» Work order:
For the data below, give again exactly the lines from the one containing "values from neighbouring" through the one containing "settings CodeAppCC: StateflowObjectComments=on", both ends included, and no others.

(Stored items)
- Opening Delimiter -

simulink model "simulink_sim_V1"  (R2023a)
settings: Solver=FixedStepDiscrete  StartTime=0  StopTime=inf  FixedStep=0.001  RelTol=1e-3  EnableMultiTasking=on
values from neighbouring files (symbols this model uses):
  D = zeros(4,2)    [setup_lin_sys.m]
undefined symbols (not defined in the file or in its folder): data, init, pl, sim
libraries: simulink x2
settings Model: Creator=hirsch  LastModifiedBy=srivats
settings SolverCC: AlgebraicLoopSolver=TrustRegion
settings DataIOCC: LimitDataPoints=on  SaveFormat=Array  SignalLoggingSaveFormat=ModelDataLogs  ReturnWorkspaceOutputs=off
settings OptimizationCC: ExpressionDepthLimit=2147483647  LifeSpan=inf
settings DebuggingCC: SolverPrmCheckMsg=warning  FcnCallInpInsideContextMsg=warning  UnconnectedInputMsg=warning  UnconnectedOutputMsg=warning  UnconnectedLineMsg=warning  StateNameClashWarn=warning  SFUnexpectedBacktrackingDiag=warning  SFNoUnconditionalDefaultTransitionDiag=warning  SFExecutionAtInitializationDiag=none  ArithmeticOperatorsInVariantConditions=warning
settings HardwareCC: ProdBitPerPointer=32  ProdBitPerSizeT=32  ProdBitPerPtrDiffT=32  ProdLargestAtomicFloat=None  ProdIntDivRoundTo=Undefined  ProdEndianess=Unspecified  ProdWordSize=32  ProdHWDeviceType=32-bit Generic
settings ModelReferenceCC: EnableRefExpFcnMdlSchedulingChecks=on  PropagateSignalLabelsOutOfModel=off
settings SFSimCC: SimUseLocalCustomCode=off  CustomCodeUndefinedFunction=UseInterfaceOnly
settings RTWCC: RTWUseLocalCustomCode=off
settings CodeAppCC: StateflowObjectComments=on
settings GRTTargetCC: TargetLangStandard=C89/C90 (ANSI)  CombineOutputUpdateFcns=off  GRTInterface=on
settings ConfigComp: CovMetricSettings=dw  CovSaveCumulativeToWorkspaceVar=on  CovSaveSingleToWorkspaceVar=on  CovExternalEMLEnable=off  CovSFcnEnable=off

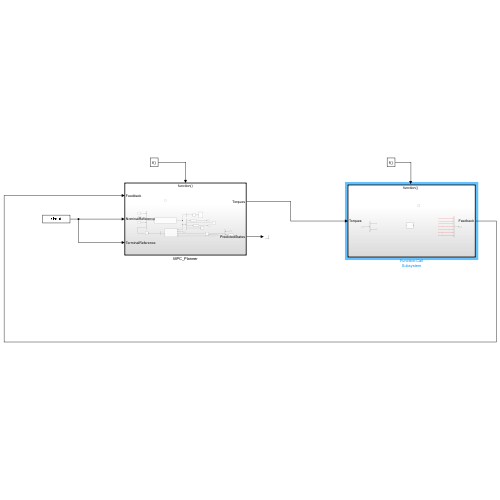
[thumbnail: Simulink's stored preview of the top-level diagram]
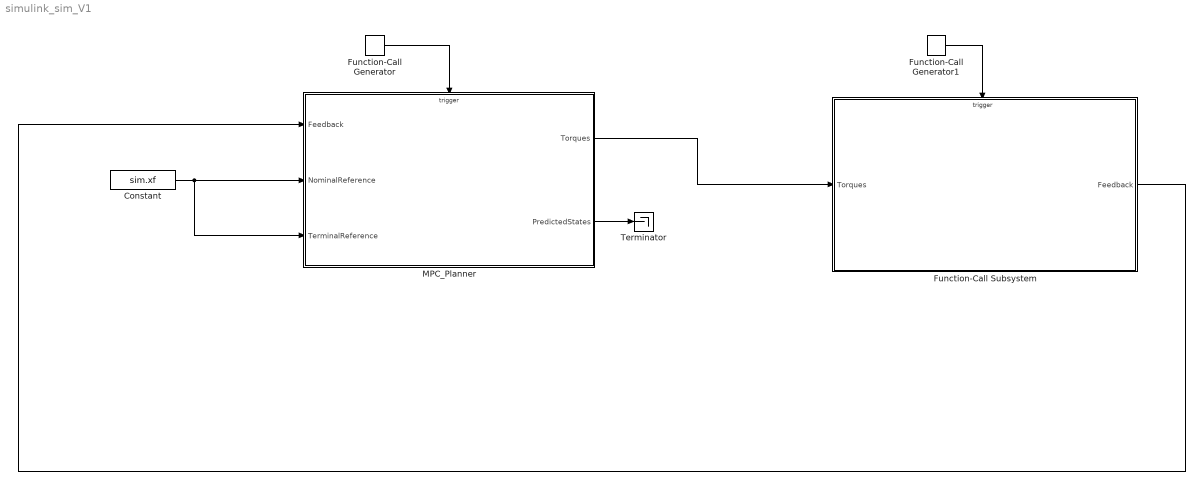
== system simulink_sim_V1 ==
  Constant : Constant  Value=sim.xf
  Function-Call Generator : simulink/Ports & Subsystems/Function-Call Generator  sample_time=pl.Ts  numberOfIterations=1  DisallowWideOutput=off
  Function-Call Generator1 : simulink/Ports & Subsystems/Function-Call Generator  sample_time=0.001  numberOfIterations=1  DisallowWideOutput=off
  Function-Call Subsystem : Subsystem  TreatAsAtomicUnit=on
  MPC_Planner : Subsystem
  Terminator : Terminator
  wires:
  Function-Call Generator/1 -> MPC_Planner/Trigger
  Function-Call Generator1/1 -> Function-Call Subsystem/Trigger
  Function-Call Subsystem/1(Feedback) -> MPC_Planner/1(Feedback)
  MPC_Planner/1(Torques) -> Function-Call Subsystem/1(Torques)
  MPC_Planner/2(PredictedStates) -> Terminator/1
  Constant/1 -> MPC_Planner/3(TerminalReference), MPC_Planner/2(NominalReference)

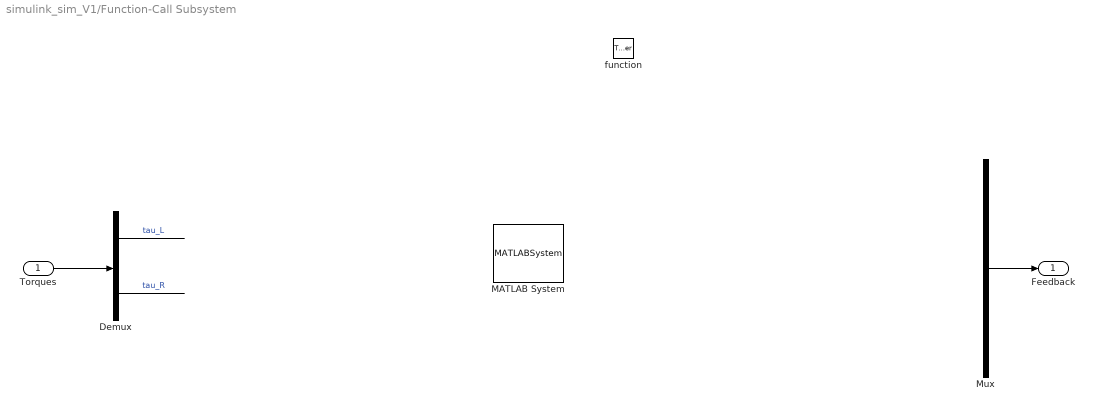
== system simulink_sim_V1/Function-Call Subsystem ==
  Torques : Inport
  function : TriggerPort  TriggerType=function-call  VariantControl=(inherit)
  Demux : Demux  Outputs=2
  MATLAB System : MATLABSystem
  Mux : Mux  Inputs=7
  Feedback : Outport
  wires:
  Torques/1 -> Demux/1
  Demux/1 -> ?  "tau_L"
  Demux/2 -> ?  "tau_R"
  Mux/1 -> Feedback/1
  ? -> Mux/1  "X"
  ? -> Mux/2  "Y"
  ? -> Mux/3  "psi"
  ? -> Mux/4  "v_L"
  ? -> Mux/5  "v_R"
  ? -> Mux/6  "theta"
  ? -> Mux/7  "thetaDot"

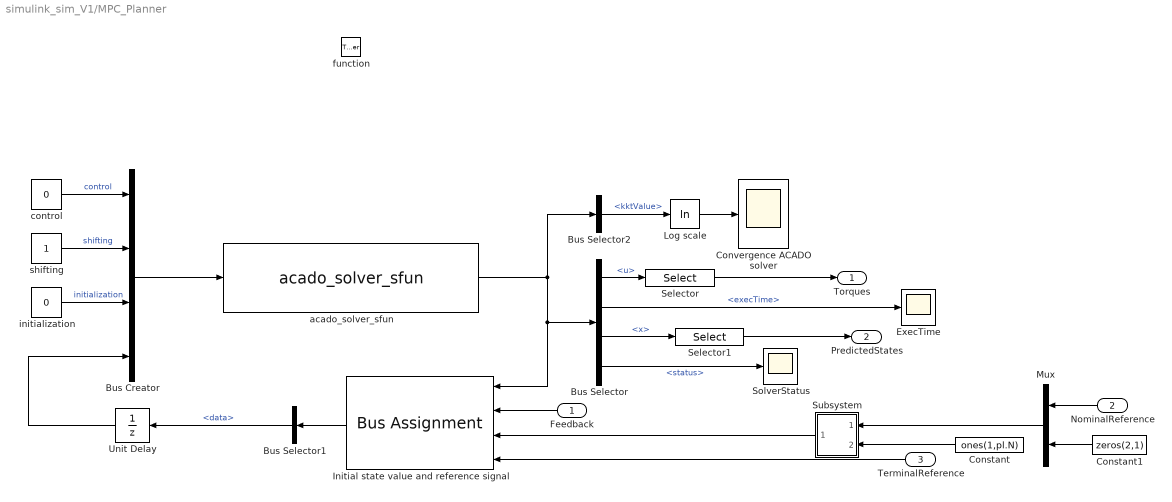
== system simulink_sim_V1/MPC_Planner ==
  Feedback : Inport
  NominalReference : Inport  Port=2
  TerminalReference : Inport  Port=3
  function : TriggerPort  TriggerType=function-call  VariantControl=(inherit)
  Bus Creator : BusCreator  Inputs=4  OutDataTypeStr=Bus: ACADOinput
  Bus Selector : BusSelector  OutputSignals=data.u,execTime,data.x,status
  Bus Selector1 : BusSelector  OutputSignals=data
  Bus Selector2 : BusSelector  OutputSignals=kktValue
  Constant : Constant  Value=ones(1,pl.N)
  Constant1 : Constant  Value=zeros(2,1)
  Convergence ACADO solver : Scope
  ExecTime : Scope
  Initial state value and reference signal : BusAssignment  AssignedSignals=data.x0,data.y,data.yN
  Log scale : Math  Operator=log  SignedPower=on
  Mux : Mux  Inputs=2
  Selector : Selector  InputPortWidth=pl.N  IndexOptions=Starting index (dialog)  Indices=1  OutputSizes=2
  Selector1 : Selector  InputPortWidth=(pl.N+1)*7  IndexOptions=Starting index (dialog)  Indices=1  OutputSizes=7  RuntimeRangeChecks=on
  SolverStatus : Scope
  Subsystem : Subsystem
  Unit Delay : UnitDelay  InitialCondition=init  SampleTime=-1  HasFrameUpgradeWarning=on
  acado_solver_sfun : S-Function  FunctionName=acado_solver_sfun  SFunctionDeploymentMode=off  EnableBusSupport=off  mask(Legacy Function){SFunctionSpec=acado_step(ACADOinput u1[1], ACADOoutput y1[1]), ShowSpec=on}
      mask prompts: ShowSpec "Display function specification"
      mask help:
      | This block allows you to call the legacy functions specified by the following Legacy Code Tool definition:
      | def.SFunctionName = 'acado_solver_sfun';
      | def.OutputFcnSpec = 'acado_step(ACADOinput u1[1], ACADOoutput y1[1])';
      | def.StartFcnSpec = 'acado_initialize( void )';
      | def.TerminateFcnSpec = 'acado_cleanup( void )';
      | def.HeaderFiles = {'acado_common.h', 'acado_solver_sfunction.h'};
      | def.SourceFiles = {'acado_solver.c', 'acado_integrator.c', 'acado_auxiliary_functions.c', 'acado_solver_sfunction.c', 'acado_qpoases3_interface.c', 'qpoases3\src\Bounds.c', 'qpoases3\src\Constraints.c', 'qpoases3\src\Indexlist.c', 'qpoases3\src\Matrices.c', 'qpoases3\src\MessageHandling.c', 'qpoases3\src\Options.c', 'qpoases3\src\Flipper.c', 'qpoases3\src\QProblem.c', 'qpoases3\src\QProblemB.c', 'qpoases3\src\Utils.c'};
      mask Help: <p>This block was generated automatically by the Legacy Code Tool. For detailed help on this tool, call<a href="matlab:legacy_code('help')"> legacy_code('help')</a>.</p>
      mask Callback ShowSpec:
      | if strcmp(get_param(gcbh, 'ShowSpec'), 'on')
      |   set_param(gcbh, 'MaskDisplay', sprintf('fprintf(''%s'');', get_param(gcbh, 'SFunctionSpec')));
      | else
      |   set_param(gcbh, 'MaskDisplay', sprintf('fprintf(''%s'');', get_param(gcbh, 'FunctionName')));
      | end
      mask Display: fprintf('acado_step(ACADOinput u1[1], ACADOoutput y1[1])');
  control : Constant  Value=0  OutDataTypeStr=int32
  initialization : Constant  Value=0  OutDataTypeStr=int32
  shifting : Constant  OutDataTypeStr=int32
  Torques : Outport
  PredictedStates : Outport  Port=2
  wires:
  acado_solver_sfun/1 -> Initial state value and reference signal/1, Bus Selector/1, Bus Selector2/1
  Bus Creator/1 -> acado_solver_sfun/1
  Bus Selector2/1 -> Log scale/1  "<kktValue>"
  Log scale/1 -> Convergence ACADO solver/1
  initialization/1 -> Bus Creator/3  "initialization"
  Initial state value and reference signal/1 -> Bus Selector1/1
  Unit Delay/1 -> Bus Creator/4
  Selector/1 -> Torques/1
  shifting/1 -> Bus Creator/2  "shifting"
  control/1 -> Bus Creator/1  "control"
  Bus Selector/1 -> Selector/1  "<u>"
  Bus Selector1/1 -> Unit Delay/1  "<data>"
  TerminalReference/1 -> Initial state value and reference signal/4
  Feedback/1 -> Initial state value and reference signal/2
  Subsystem/1(Out1) -> Initial state value and reference signal/3
  Bus Selector/2 -> ExecTime/1  "<execTime>"
  Bus Selector/3 -> Selector1/1  "<x>"
  Selector1/1 -> PredictedStates/1
  Bus Selector/4 -> SolverStatus/1  "<status>"
  NominalReference/1 -> Mux/1
  Constant/1 -> Subsystem/2(In2)
  Mux/1 -> Subsystem/1(In1)
  Constant1/1 -> Mux/2

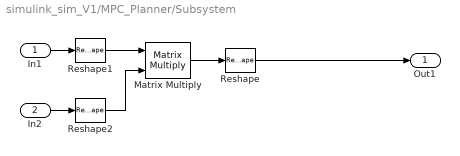
== system simulink_sim_V1/MPC_Planner/Subsystem ==
  In1 : Inport
  In2 : Inport  Port=2
  Matrix Multiply : Product  Multiplication=Matrix(*)
  Reshape : Reshape  OutputDimensionality=Customize  OutputDimensions=[1,pl.N*7+pl.N*2]
  Reshape1 : Reshape  OutputDimensionality=Column vector (2-D)  OutputDimensions=[1,pl.N*7+pl.N*2]
  Reshape2 : Reshape  OutputDimensionality=Row vector (2-D)  OutputDimensions=[1,pl.N*7+pl.N*2]
  Out1 : Outport
  wires:
  Reshape2/1 -> Matrix Multiply/2
  In2/1 -> Reshape2/1
  Reshape1/1 -> Matrix Multiply/1
  Matrix Multiply/1 -> Reshape/1
  In1/1 -> Reshape1/1
  Reshape/1 -> Out1/1

- Closing Delimiter -

» Expected answer:
values from neighbouring files (symbols this model uses):
  D = zeros(4,2)    [setup_lin_sys.m]
undefined symbols (not defined in the file or in its folder): data, init, pl, sim
libraries: simulink x2
settings Model: Creator=hirsch  LastModifiedBy=srivats
settings SolverCC: AlgebraicLoopSolver=TrustRegion
settings DataIOCC: LimitDataPoints=on  SaveFormat=Array  SignalLoggingSaveFormat=ModelDataLogs  ReturnWorkspaceOutputs=off
settings OptimizationCC: ExpressionDepthLimit=2147483647  LifeSpan=inf
settings DebuggingCC: SolverPrmCheckMsg=warning  FcnCallInpInsideContextMsg=warning  UnconnectedInputMsg=warning  UnconnectedOutputMsg=warning  UnconnectedLineMsg=warning  StateNameClashWarn=warning  SFUnexpectedBacktrackingDiag=warning  SFNoUnconditionalDefaultTransitionDiag=warning  SFExecutionAtInitializationDiag=none  ArithmeticOperatorsInVariantConditions=warning
settings HardwareCC: ProdBitPerPointer=32  ProdBitPerSizeT=32  ProdBitPerPtrDiffT=32  ProdLargestAtomicFloat=None  ProdIntDivRoundTo=Undefined  ProdEndianess=Unspecified  ProdWordSize=32  ProdHWDeviceType=32-bit Generic
settings ModelReferenceCC: EnableRefExpFcnMdlSchedulingChecks=on  PropagateSignalLabelsOutOfModel=off
settings SFSimCC: SimUseLocalCustomCode=off  CustomCodeUndefinedFunction=UseInterfaceOnly
settings RTWCC: RTWUseLocalCustomCode=off
settings CodeAppCC: StateflowObjectComments=on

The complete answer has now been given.